Data entries:
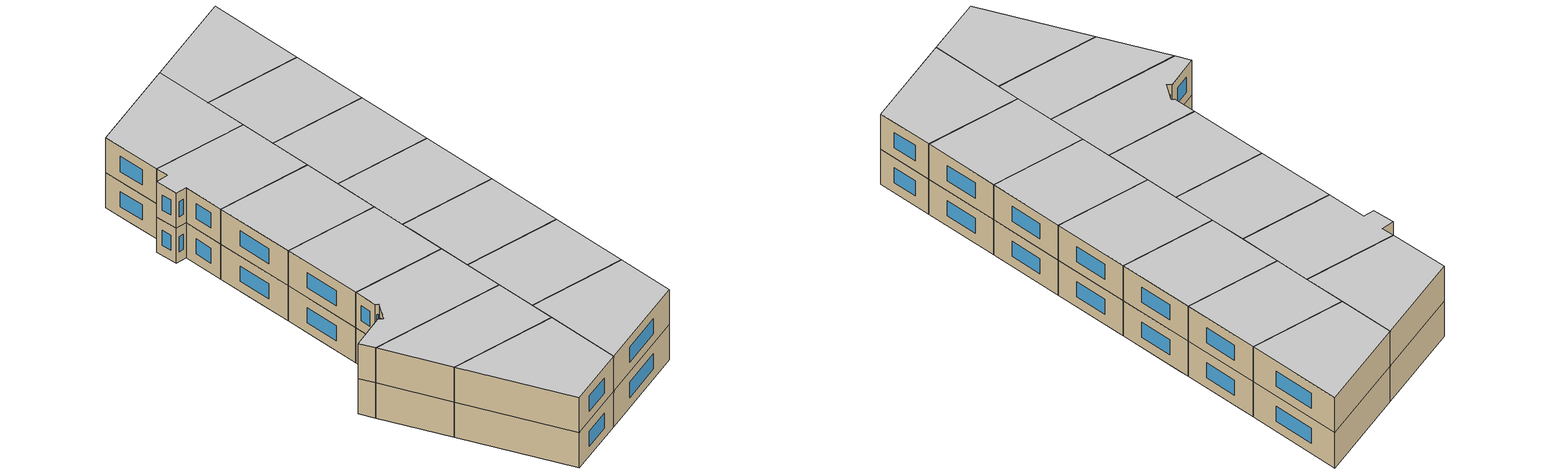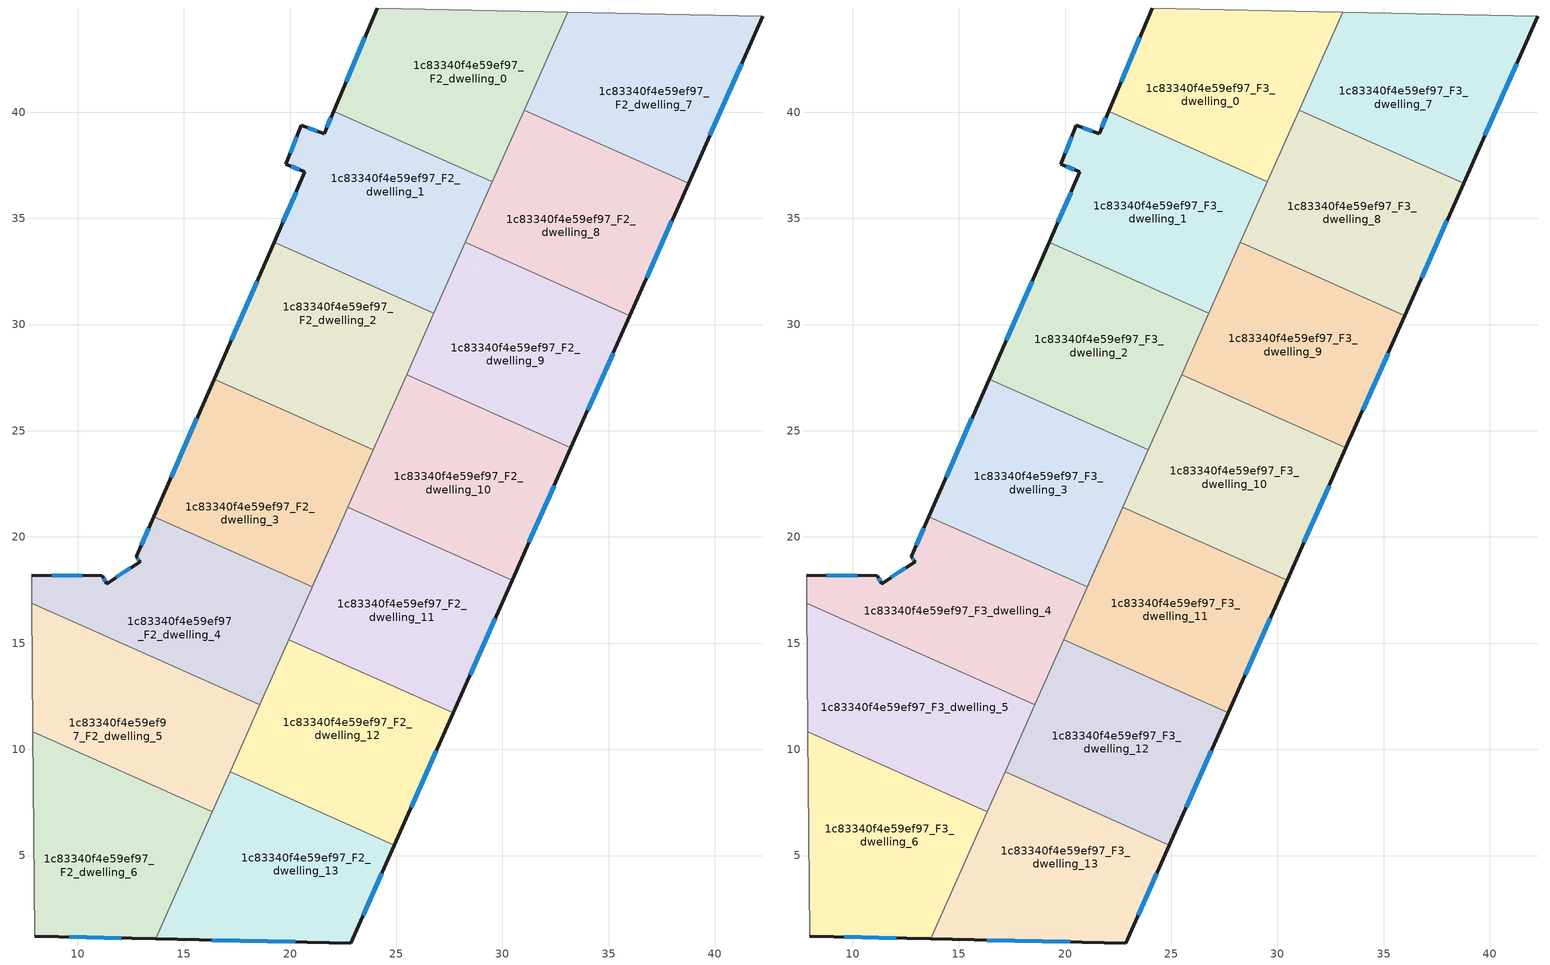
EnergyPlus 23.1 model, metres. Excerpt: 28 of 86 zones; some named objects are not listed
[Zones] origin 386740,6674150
1c83340f4e59ef97_F2_dwelling_0
 floor to 1c83340f4e59ef97_F1_dwelling_1 (EU_floor_Construction): 33.08,44.71 30.48,38.86 22.96,42.2 24.11,44.9 z6
 floor to 1c83340f4e59ef97_F1_dwelling_3 (EU_floor_Construction): 30.44,38.87 29.49,36.73 22.05,40.04 22.96,42.2 z6
 floor to 1c83340f4e59ef97_F1_dwelling_2 (EU_floor_Construction): 30.48,38.86 29.52,36.72 29.49,36.73 30.44,38.87 z6
 wall outside (EU_wall_Construction): 24.11,44.9 22.05,40.04 z6:9
 wall to 1c83340f4e59ef97_F2_dwelling_1 (EU_wall_Construction): 22.05,40.04 29.53,36.72 z6:9
 wall adiabatic (EU_wall_Construction): 33.08,44.71 24.11,44.9 z6:9
 wall to 1c83340f4e59ef97_F2_dwelling_7 (EU_wall_Construction): 31.03,40.1 33.08,44.71 z6:9
 wall to 1c83340f4e59ef97_F2_dwelling_8 (EU_wall_Construction): 29.52,36.72 31.03,40.1 z6:9
 window (EU_Window_Construction): 23.52,43.51 22.64,41.43 z6.86:8.14
1c83340f4e59ef97_F2_dwelling_1
 floor to 1c83340f4e59ef97_F1_dwelling_3 (EU_floor_Construction): 29.49,36.73 27.87,33.08 20.36,36.41 20.7,37.18 19.79,37.56 20.52,39.37 21.6,38.99 22.05,40.04 z6
 floor to 1c83340f4e59ef97_F1_dwelling_2 (EU_floor_Construction): 29.52,36.72 27.9,33.06 27.87,33.08 29.49,36.73 z6
 floor adiabatic (EU_floor_Construction): 27.9,33.06 26.77,30.53 19.25,33.88 20.36,36.41 z6
 wall outside (EU_wall_Construction): 22.05,40.04 21.6,38.99 20.52,39.37 19.79,37.56 20.7,37.18 19.25,33.88 z6:9
 wall to 1c83340f4e59ef97_F2_dwelling_2 (EU_wall_Construction): 19.25,33.88 26.77,30.53 z6:9
 wall to 1c83340f4e59ef97_F2_dwelling_9 (EU_wall_Construction): 26.77,30.53 28.26,33.87 z6:9
 wall to 1c83340f4e59ef97_F2_dwelling_8 (EU_wall_Construction): 28.26,33.87 29.52,36.72 z6:9
 window (EU_Window_Construction): 21.29,39.1 20.83,39.26 / 21.92,39.74 21.73,39.29 / 20.29,36.24 19.67,34.82 / 20.05,37.45 20.44,37.29 / 20.31,38.85 20,38.07 z6.86:8.14
1c83340f4e59ef97_F2_dwelling_10
 floor to 1c83340f4e59ef97_F1_dwelling_6 (EU_floor_Construction): 33.02,23.72 30.46,17.96 22.84,21.34 25.4,27.11 z6
 floor to 1c83340f4e59ef97_F1_dwelling_4 (EU_floor_Construction): 33.22,24.19 33.02,23.72 25.4,27.11 25.39,27.11 25.6,27.58 z6
 floor to 1c83340f4e59ef97_F1_dwelling_5 (EU_floor_Construction): 25.6,27.58 25.39,27.11 25.28,27.16 25.49,27.63 z6
 floor to 1c83340f4e59ef97_F1_dwelling_7 (EU_floor_Construction): 25.4,27.11 22.84,21.34 22.72,21.4 25.28,27.16 z6
 wall outside (EU_wall_Construction): 30.46,17.96 33.22,24.19 z6:9
 wall to 1c83340f4e59ef97_F2_dwelling_9 (EU_wall_Construction): 33.22,24.19 25.49,27.63 z6:9
 wall to 1c83340f4e59ef97_F2_dwelling_11 (EU_wall_Construction): 22.72,21.4 30.46,17.96 z6:9
 wall to 1c83340f4e59ef97_F2_dwelling_2 (EU_wall_Construction): 25.49,27.63 23.92,24.1 z6:9
 wall to 1c83340f4e59ef97_F2_dwelling_3 (EU_wall_Construction): 23.92,24.1 22.72,21.4 z6:9
 window (EU_Window_Construction): 31.25,19.74 32.43,22.41 z6.86:8.14
1c83340f4e59ef97_F2_dwelling_11
 floor to 1c83340f4e59ef97_F1_dwelling_8 (EU_floor_Construction): 30.39,17.81 27.75,11.88 20.16,15.25 22.79,21.18 z6
 floor to 1c83340f4e59ef97_F1_dwelling_6 (EU_floor_Construction): 30.46,17.96 30.39,17.81 22.77,21.19 22.84,21.34 z6
 floor to 1c83340f4e59ef97_F1_dwelling_10 (EU_floor_Construction): 27.75,11.88 27.68,11.73 19.95,15.17 20.01,15.32 z6
 floor to 1c83340f4e59ef97_F1_dwelling_9 (EU_floor_Construction): 22.79,21.18 20.16,15.25 20.01,15.32 22.65,21.25 z6
 floor to 1c83340f4e59ef97_F1_dwelling_7 (EU_floor_Construction): 22.84,21.34 22.77,21.19 22.65,21.25 22.72,21.4 z6
 wall outside (EU_wall_Construction): 27.68,11.73 30.46,17.96 z6:9
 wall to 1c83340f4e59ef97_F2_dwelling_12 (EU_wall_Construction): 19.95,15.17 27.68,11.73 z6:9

What to work on: Taking the entries above, print exactly the lines starting at the line with "1c83340f4e59ef97_F2_dwelling_0" and ending at the line with "19.25,33.88 26.77,30.53 z6:9", both included.

Answer to the exercise:
1c83340f4e59ef97_F2_dwelling_0
 floor to 1c83340f4e59ef97_F1_dwelling_1 (EU_floor_Construction): 33.08,44.71 30.48,38.86 22.96,42.2 24.11,44.9 z6
 floor to 1c83340f4e59ef97_F1_dwelling_3 (EU_floor_Construction): 30.44,38.87 29.49,36.73 22.05,40.04 22.96,42.2 z6
 floor to 1c83340f4e59ef97_F1_dwelling_2 (EU_floor_Construction): 30.48,38.86 29.52,36.72 29.49,36.73 30.44,38.87 z6
 wall outside (EU_wall_Construction): 24.11,44.9 22.05,40.04 z6:9
 wall to 1c83340f4e59ef97_F2_dwelling_1 (EU_wall_Construction): 22.05,40.04 29.53,36.72 z6:9
 wall adiabatic (EU_wall_Construction): 33.08,44.71 24.11,44.9 z6:9
 wall to 1c83340f4e59ef97_F2_dwelling_7 (EU_wall_Construction): 31.03,40.1 33.08,44.71 z6:9
 wall to 1c83340f4e59ef97_F2_dwelling_8 (EU_wall_Construction): 29.52,36.72 31.03,40.1 z6:9
 window (EU_Window_Construction): 23.52,43.51 22.64,41.43 z6.86:8.14
1c83340f4e59ef97_F2_dwelling_1
 floor to 1c83340f4e59ef97_F1_dwelling_3 (EU_floor_Construction): 29.49,36.73 27.87,33.08 20.36,36.41 20.7,37.18 19.79,37.56 20.52,39.37 21.6,38.99 22.05,40.04 z6
 floor to 1c83340f4e59ef97_F1_dwelling_2 (EU_floor_Construction): 29.52,36.72 27.9,33.06 27.87,33.08 29.49,36.73 z6
 floor adiabatic (EU_floor_Construction): 27.9,33.06 26.77,30.53 19.25,33.88 20.36,36.41 z6
 wall outside (EU_wall_Construction): 22.05,40.04 21.6,38.99 20.52,39.37 19.79,37.56 20.7,37.18 19.25,33.88 z6:9
 wall to 1c83340f4e59ef97_F2_dwelling_2 (EU_wall_Construction): 19.25,33.88 26.77,30.53 z6:9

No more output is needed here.